Потом большой, черной, молчаливой толпою шли среди леса по плохо укатанной, мокрой и мягкой весенней дороге. Из леса, от снега перло свежим, крепким воздухом; нога скользила, иногда проваливалась в снег, и руки невольно хватались за товарища; и, громко дыша, трудно, по цельному снегу двигались по бокам конвойные. Чей-то голос сердито сказал:
— Дороги не могли прочистить. Кувыркайся тут в снегу.
Кто-то виновато оправдывался:
— Чистили, ваше благородие. Ростепель только, ничего не поделаешь.
Сознание возвращалось, но неполно, отрывками, странными кусочками. То вдруг мысль деловито подтверждала:
«Действительно, не могли дороги прочистить».
То снова угасало все, и оставалось одно только обоняние: нестерпимо яркий запах воздуха, леса, тающего снега; то необыкновенно ясно становилось все — и лес, и ночь, и дорога, и то, что их сейчас, сию минуту повесят. Обрывками мелькал сдержанный, шепотом, разговор:
— Скоро четыре.
— Говорил: рано выезжаем.
— Светает в пять.
— Ну да, в пять. Вот и нужно было…
В темноте, на полянке, остановились. В некотором отдалении, за редкими, прозрачными по-зимнему деревьями, молчаливо двигались два фонарика: там стояли виселицы.
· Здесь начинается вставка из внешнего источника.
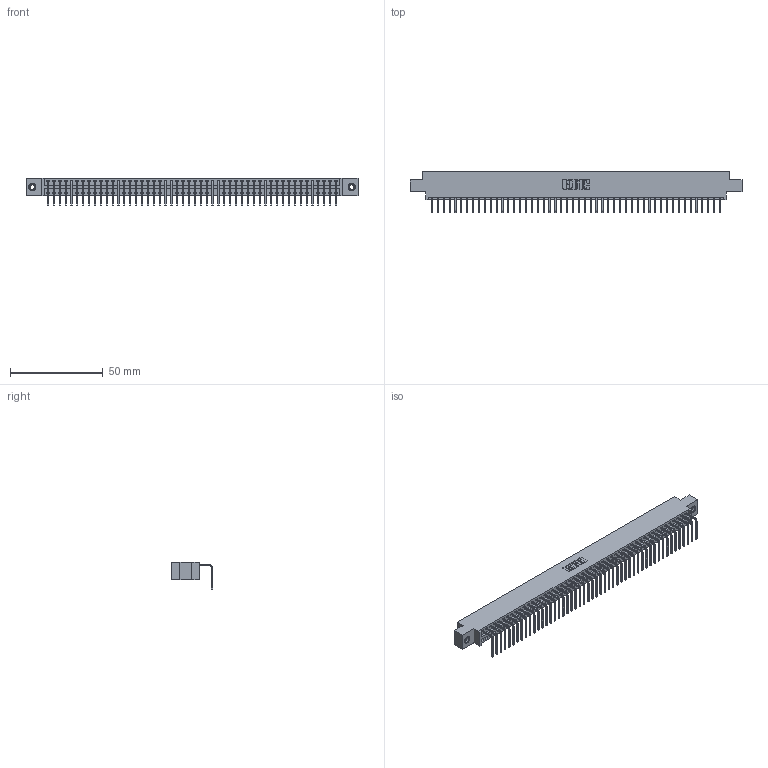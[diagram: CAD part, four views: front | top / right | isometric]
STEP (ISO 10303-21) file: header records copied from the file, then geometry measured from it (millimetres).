
FILE_DESCRIPTION (( 'STEP AP203' ), '1' );
FILE_NAME ('346-050-558-607.STEP', '2022-05-10T04:09:08', ( '' ), ( '' ), 'SwSTEP 2.0', 'SolidWorks 2020', '' );
FILE_SCHEMA (( 'CONFIG_CONTROL_DESIGN' ));
Length unit declared in the file: inch
Products named in the file (4): 345-250-001_345-250-005-103; 346-050-558-607; 346 Part_0.170 Offset - 0.156 Dia-TI; 345-292-001_558 Tail - 2
Assembly tree (53 placements, depth 2):
  346-050-558-607
    346 Part_0.170 Offset - 0.156 Dia-TI
    345-292-001_558 Tail - 2  x50
    345-250-001_345-250-005-103  x2
Bounding box: 179.32 x 22.16 x 14.73 mm (x, y, z)
Volume: 830.8 mm3; surface area: 22709.8 mm2
Topology: 52 solids, 53 shells, 3178 faces, 9577 edges, 6310 vertices
Faces by surface type: plane 2204, cylinder 958, cone 12, torus 4
Entity records: 31356 total; most frequent: CARTESIAN_POINT 5357, ORIENTED_EDGE 5334, DIRECTION 4741, EDGE_CURVE 2667, LINE 2315, VECTOR 2315, VERTEX_POINT 1772, AXIS2_PLACEMENT_3D 1213
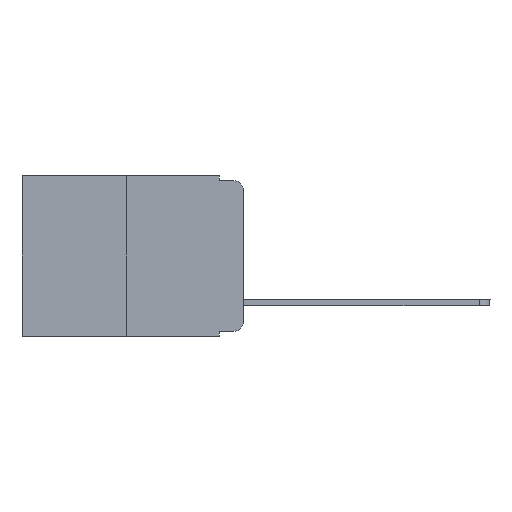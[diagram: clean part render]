
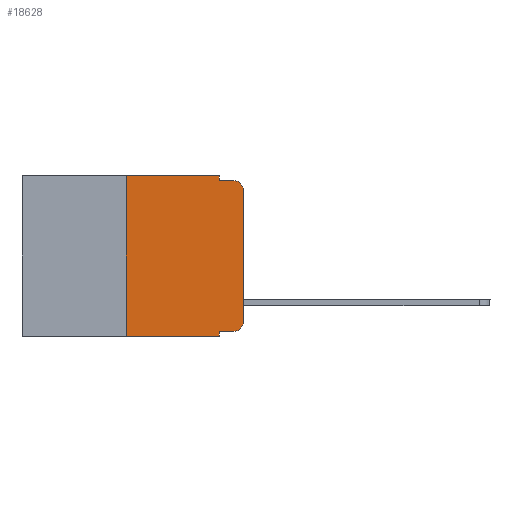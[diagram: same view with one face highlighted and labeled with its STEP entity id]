
A CAD part, left-side view. The second image highlights one B-rep face of the part: STEP entity #18628.
In plain terms, the highlighted planar face has unit normal (-1, 0, 0).
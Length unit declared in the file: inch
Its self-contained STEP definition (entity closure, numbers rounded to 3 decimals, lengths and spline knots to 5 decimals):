
#333 = EDGE_CURVE ( 'NONE', #11157, #6761, #15551, .T. ) ;
#526 = AXIS2_PLACEMENT_3D ( 'NONE', #11398, #9567, #14274 ) ;
#1239 = CARTESIAN_POINT ( 'NONE',  ( 0., 0.051, -0.333 ) ) ;
#1331 = VERTEX_POINT ( 'NONE', #11169 ) ;
#1737 = CARTESIAN_POINT ( 'NONE',  ( 0., 0., -0.313 ) ) ;
#1754 = CARTESIAN_POINT ( 'NONE',  ( 0., 0.051, -0.343 ) ) ;
#1755 = VECTOR ( 'NONE', #12156, 39.37008 ) ;
#1817 = AXIS2_PLACEMENT_3D ( 'NONE', #18397, #18195, #5701 ) ;
#1998 = CARTESIAN_POINT ( 'NONE',  ( 0., 0., -0.03 ) ) ;
#2204 = LINE ( 'NONE', #14745, #20043 ) ;
#2225 = ORIENTED_EDGE ( 'NONE', *, *, #8096, .F. ) ;
#2466 = EDGE_CURVE ( 'NONE', #6295, #11157, #2204, .T. ) ;
#2517 = AXIS2_PLACEMENT_3D ( 'NONE', #8897, #15146, #14939 ) ;
#3172 = VERTEX_POINT ( 'NONE', #14058 ) ;
#3810 = DIRECTION ( 'NONE',  ( 0., 0., -1. ) ) ;
#4026 = ORIENTED_EDGE ( 'NONE', *, *, #5898, .F. ) ;
#4208 = EDGE_CURVE ( 'NONE', #3172, #10911, #5892, .T. ) ;
#4280 = EDGE_CURVE ( 'NONE', #1331, #4396, #15578, .T. ) ;
#4396 = VERTEX_POINT ( 'NONE', #1754 ) ;
#4741 = LINE ( 'NONE', #18373, #6975 ) ;
#4763 = VECTOR ( 'NONE', #11631, 39.37008 ) ;
#5142 = CIRCLE ( 'NONE', #526, 0.02 ) ;
#5701 = DIRECTION ( 'NONE',  ( 0., 0., -1. ) ) ;
#5892 = LINE ( 'NONE', #1239, #1755 ) ;
#5898 = EDGE_CURVE ( 'NONE', #11593, #6295, #4741, .T. ) ;
#6250 = DIRECTION ( 'NONE',  ( 0., -1., 0. ) ) ;
#6295 = VERTEX_POINT ( 'NONE', #11244 ) ;
#6561 = CARTESIAN_POINT ( 'NONE',  ( 0., 0.051, -0.01 ) ) ;
#6715 = ORIENTED_EDGE ( 'NONE', *, *, #15247, .F. ) ;
#6761 = VERTEX_POINT ( 'NONE', #9864 ) ;
#6975 = VECTOR ( 'NONE', #11000, 39.37008 ) ;
#7133 = ORIENTED_EDGE ( 'NONE', *, *, #4208, .T. ) ;
#7873 = CARTESIAN_POINT ( 'NONE',  ( 0., 0.25, 0. ) ) ;
#8096 = EDGE_CURVE ( 'NONE', #1331, #11593, #10292, .T. ) ;
#8485 = EDGE_CURVE ( 'NONE', #10803, #18692, #13216, .T. ) ;
#8486 = VECTOR ( 'NONE', #6250, 39.37008 ) ;
#8693 = FACE_OUTER_BOUND ( 'NONE', #17137, .T. ) ;
#8897 = CARTESIAN_POINT ( 'NONE',  ( 0., 0.473, 0. ) ) ;
#9073 = EDGE_CURVE ( 'NONE', #10911, #10803, #19511, .T. ) ;
#9138 = ORIENTED_EDGE ( 'NONE', *, *, #333, .F. ) ;
#9567 = DIRECTION ( 'NONE',  ( -1., 0., 0. ) ) ;
#9756 = EDGE_CURVE ( 'NONE', #18692, #6761, #5142, .T. ) ;
#9864 = CARTESIAN_POINT ( 'NONE',  ( 0., 0.02, -0.01 ) ) ;
#10024 = PLANE ( 'NONE',  #2517 ) ;
#10292 = LINE ( 'NONE', #16527, #4763 ) ;
#10803 = VERTEX_POINT ( 'NONE', #1737 ) ;
#10911 = VERTEX_POINT ( 'NONE', #13447 ) ;
#11000 = DIRECTION ( 'NONE',  ( 0., -1., 0. ) ) ;
#11157 = VERTEX_POINT ( 'NONE', #6561 ) ;
#11169 = CARTESIAN_POINT ( 'NONE',  ( 0., 0.25, -0.343 ) ) ;
#11244 = CARTESIAN_POINT ( 'NONE',  ( 0., 0.051, 0. ) ) ;
#11398 = CARTESIAN_POINT ( 'NONE',  ( 0., 0.02, -0.03 ) ) ;
#11593 = VERTEX_POINT ( 'NONE', #7873 ) ;
#11631 = DIRECTION ( 'NONE',  ( 0., 0., 1. ) ) ;
#12156 = DIRECTION ( 'NONE',  ( 0., -1., 0. ) ) ;
#12673 = ORIENTED_EDGE ( 'NONE', *, *, #9756, .T. ) ;
#12989 = ORIENTED_EDGE ( 'NONE', *, *, #4280, .T. ) ;
#13040 = LINE ( 'NONE', #14793, #19657 ) ;
#13216 = LINE ( 'NONE', #19450, #19164 ) ;
#13447 = CARTESIAN_POINT ( 'NONE',  ( 0., 0.02, -0.333 ) ) ;
#14058 = CARTESIAN_POINT ( 'NONE',  ( 0., 0.051, -0.333 ) ) ;
#14274 = DIRECTION ( 'NONE',  ( 0., 0., -1. ) ) ;
#14583 = ORIENTED_EDGE ( 'NONE', *, *, #8485, .T. ) ;
#14745 = CARTESIAN_POINT ( 'NONE',  ( 0., 0.051, 0. ) ) ;
#14793 = CARTESIAN_POINT ( 'NONE',  ( 0., 0.051, 0. ) ) ;
#14939 = DIRECTION ( 'NONE',  ( 0., 0., -1. ) ) ;
#15146 = DIRECTION ( 'NONE',  ( 1., 0., 0. ) ) ;
#15247 = EDGE_CURVE ( 'NONE', #3172, #4396, #13040, .T. ) ;
#15345 = CARTESIAN_POINT ( 'NONE',  ( 0., 0.051, -0.01 ) ) ;
#15551 = LINE ( 'NONE', #15345, #17685 ) ;
#15578 = LINE ( 'NONE', #20282, #8486 ) ;
#16527 = CARTESIAN_POINT ( 'NONE',  ( 0., 0.25, 0. ) ) ;
#17137 = EDGE_LOOP ( 'NONE', ( #14583, #12673, #9138, #17666, #4026, #2225, #12989, #6715, #7133, #19081 ) ) ;
#17666 = ORIENTED_EDGE ( 'NONE', *, *, #2466, .F. ) ;
#17685 = VECTOR ( 'NONE', #19945, 39.37008 ) ;
#17713 = DIRECTION ( 'NONE',  ( 0., 0., 1. ) ) ;
#18195 = DIRECTION ( 'NONE',  ( -1., 0., 0. ) ) ;
#18373 = CARTESIAN_POINT ( 'NONE',  ( 0., 0.473, 0. ) ) ;
#18397 = CARTESIAN_POINT ( 'NONE',  ( 0., 0.02, -0.313 ) ) ;
#18628 = ADVANCED_FACE ( 'NONE', ( #8693 ), #10024, .F. ) ;
#18692 = VERTEX_POINT ( 'NONE', #1998 ) ;
#19081 = ORIENTED_EDGE ( 'NONE', *, *, #9073, .T. ) ;
#19164 = VECTOR ( 'NONE', #17713, 39.37008 ) ;
#19237 = DIRECTION ( 'NONE',  ( 0., 0., -1. ) ) ;
#19450 = CARTESIAN_POINT ( 'NONE',  ( 0., 0., 0. ) ) ;
#19511 = CIRCLE ( 'NONE', #1817, 0.02 ) ;
#19657 = VECTOR ( 'NONE', #3810, 39.37008 ) ;
#19945 = DIRECTION ( 'NONE',  ( 0., -1., 0. ) ) ;
#20043 = VECTOR ( 'NONE', #19237, 39.37008 ) ;
#20282 = CARTESIAN_POINT ( 'NONE',  ( 0., 0.473, -0.343 ) ) ;
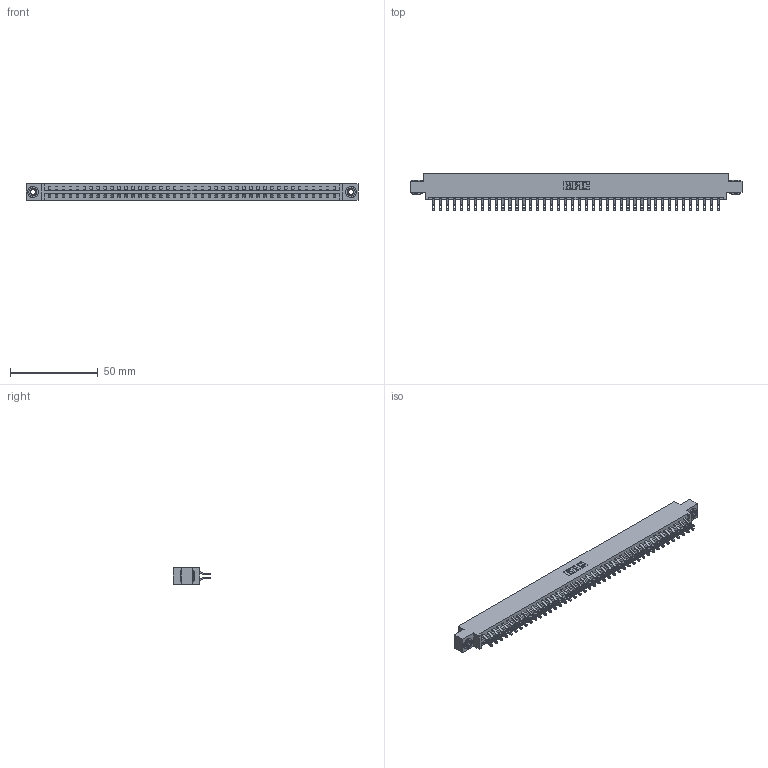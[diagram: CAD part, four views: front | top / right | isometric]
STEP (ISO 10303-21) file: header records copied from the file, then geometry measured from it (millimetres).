
FILE_DESCRIPTION (( 'STEP AP203' ), '1' );
FILE_NAME ('337-084-555-803.STEP', '2019-10-15T18:15:55', ( '' ), ( '' ), 'SwSTEP 2.0', 'SolidWorks 2016', '' );
FILE_SCHEMA (( 'CONFIG_CONTROL_DESIGN' ));
Length unit declared in the file: inch
Products named in the file (4): 345-250-002_345-250-002-102; 345-292-001_555 Tail; 337 Part_0.170 Offset - 0.156 Dia-TH; 337-084-555-803
Assembly tree (87 placements, depth 2):
  337-084-555-803
    337 Part_0.170 Offset - 0.156 Dia-TH
    345-292-001_555 Tail  x84
    345-250-002_345-250-002-102  x2
Bounding box: 189.43 x 21.47 x 9.4 mm (x, y, z)
Volume: 20109.5 mm3; surface area: 23984.3 mm2
Topology: 87 solids, 87 shells, 5196 faces, 16275 edges, 10846 vertices
Faces by surface type: plane 3108, cylinder 2080, cone 8
Entity records: 33672 total; most frequent: CARTESIAN_POINT 5683, ORIENTED_EDGE 5582, DIRECTION 4837, EDGE_CURVE 2791, VECTOR 2619, LINE 2619, VERTEX_POINT 1858, AXIS2_PLACEMENT_3D 1109

— Калошу потерял, — сказал Сергей Головин.
— Ну? — не понял Вернер.
— Калошу потерял. Холодно.
— А где Василий?
— Не знаю. Вон стоит.
Темный и неподвижный стоял Василий.
— А где Муся?
— Я здесь. Это ты, Вернер?
Начали оглядываться, избегая смотреть в ту сторону, где молчаливо и страшно понятно продолжали двигаться фонарики. Налево обнаженный лес как будто редел, проглядывало что-то большое, белое, плоское. И оттуда шел влажный ветер.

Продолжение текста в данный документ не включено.